I led the short, wide, leaning crack up to the hanging belay at the top of the second and the Loobster followed. This pitch is only rated 5.8, but I find it pretty challenging, as did the Loobster. He wanted to head down, but I felt I had to at least try the next pitch. After he got me on belay, I stood up on some tiny footholds at the belay and was immediately stymied. There weren’t any holds. I could see a reasonable undercling hold, but it was too far above me. My feet were screaming in pain. I was wearing a new pair of Mythos and I hadn’t broken them in yet. I slumped back onto the anchors and rested my feet. I nearly gave up right then, but vowed to at least take one fall.
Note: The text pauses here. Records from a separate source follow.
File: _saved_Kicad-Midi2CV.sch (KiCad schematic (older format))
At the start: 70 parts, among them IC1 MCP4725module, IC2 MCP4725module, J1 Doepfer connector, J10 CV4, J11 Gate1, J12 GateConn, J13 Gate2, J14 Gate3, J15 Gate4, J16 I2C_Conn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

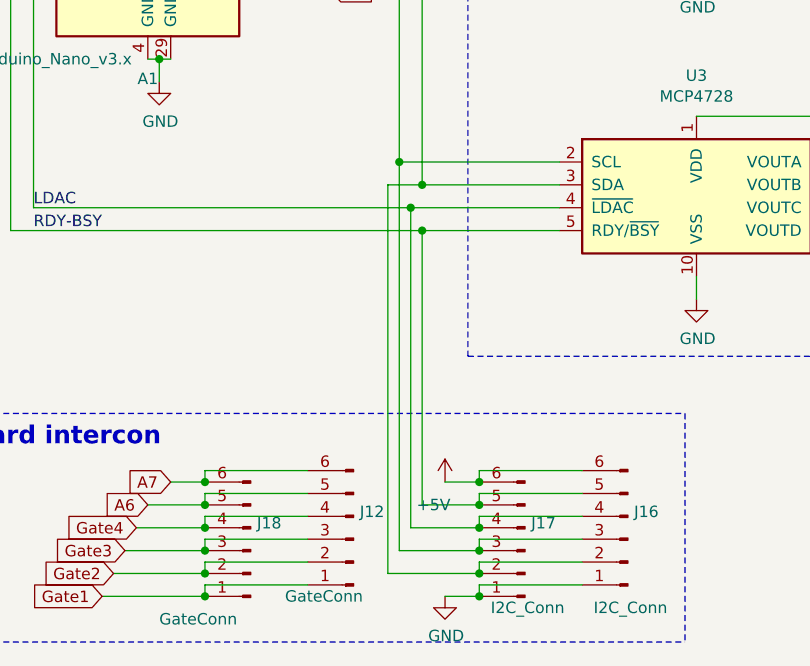
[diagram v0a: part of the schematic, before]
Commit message: Update _saved_Kicad-Midi2CV.sch
Swap SCL and SDA in  board interconnector
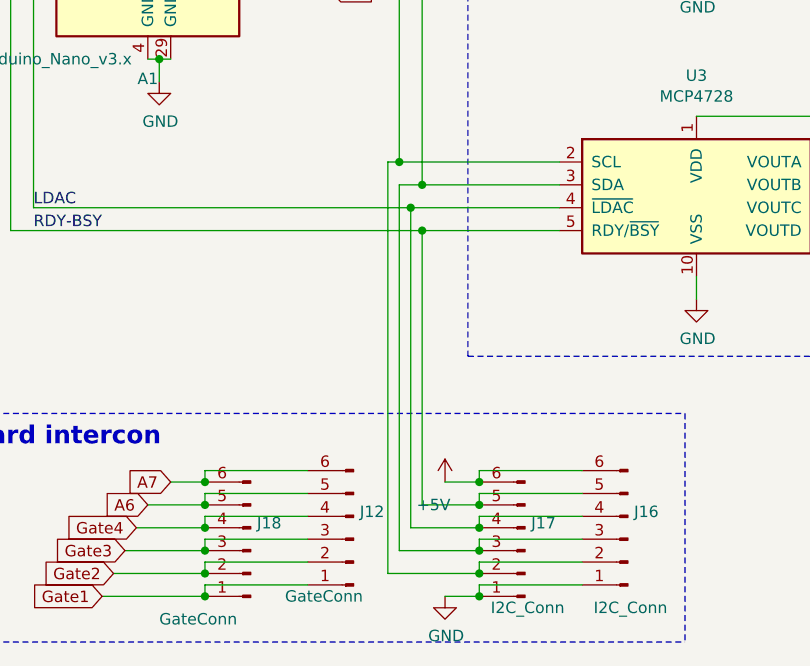
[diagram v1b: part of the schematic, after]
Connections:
- wire segments 320 -> 321
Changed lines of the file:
@@
 Wire Wire Line
 	6000 7350 5650 7350
-Wire Wire Line
-	5650 7350 5650 5650
 Connection ~ 6000 7350
-Connection ~ 5650 5650
-Wire Wire Line
-	5750 5750 5600 5750
-Wire Wire Line
-	5600 5750 5600 7450
-Connection ~ 5750 5750
 Wire Wire Line
 	5600 7450 6000 7450
@@
 Text Label 4650 1600 0    50   ~ 0
 -12v
+Wire Wire Line
+	5600 5650 5650 5650
+Wire Wire Line
+	5600 5650 5600 7450
+Connection ~ 5650 5650
+Wire Wire Line
+	5750 5750 5650 5750
+Wire Wire Line
+	5650 5750 5650 7350
+Connection ~ 5750 5750
 $EndSCHEMATC

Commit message: Analogue card routed - no GND
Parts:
- added J19: CV7 in, Connector_Audio:AudioJack3StereoNarrow-PJ-321, symbol Connector:AudioJack2
- added J20: CV3 in, Connector_Audio:AudioJack3StereoNarrow-PJ-321, symbol Connector:AudioJack2
- added R25, R26, R27, R28: 10k, Resistor_SMD:R_0805_2012Metric_Pad1.15x1.40mm_HandSolder, symbol Device:R
- C8: value C -> 100n
- J4: value CV in -> CV6 in
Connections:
- net labels added: Vout1, Vout2
- wire segments 321 -> 341
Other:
- moved on the sheet: J4, J6, J7, J9, R10, R8

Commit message: AJ-SO8
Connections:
- wire segments 341 -> 340
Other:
- moved on the sheet: J10, J11, J13, J14, J15, J19, J20, J4, J6, J7, J9, R10

The next time up, I stemmed way to the right to a small, positive foothold. Previously I didn’t think I could reach this from my other footholds. Now I had, but my right foot was far to the right and too high. How would I get onto it? I ended up pushing myself to the right by pressing against the wall to left and this worked. I was then able to clip the fixed pin driven straight up underneath the roof. The next holds were desperate fingertip underclings with tiny footholds. I fell due to a lack of power and probably more due to a lack of mental conviction. I rested a bit and then tried again. This time I got further to the right and clipped the next fixed piece. I once again fell while trying to reach a hold over the roof. I then found a key hold over the roof and desperately slapped around to the right until my fingers left a crack. I could then pull around the roof and onto 5.7 ground. It’ll have to be a project for me. The Loobster wasn’t interested in following it, so I rappelled the German’s fixed line and cleaned the three pieces of gear. I went down to the top of the first pitch and Loobster rapped to join to me. One more fixed-rope rappel and we were on the ground. It was time to head back to San Jose. It was a short trip, but well worth it. We got to see a world-class athletic achievement up close. I got to support my friend Hans and climb with my friend Loobster. Plus I got to spend 13 hours in Yosemite and any time spent there is precious.

Photo 5: Th e Loobster is in the bottom right corner of this photo. He is at the top of the first pitch. The crack slanting up and to his left is the second pitch. The big roof above him is the third pitch. This roof is turned by traversing under it from left to the right.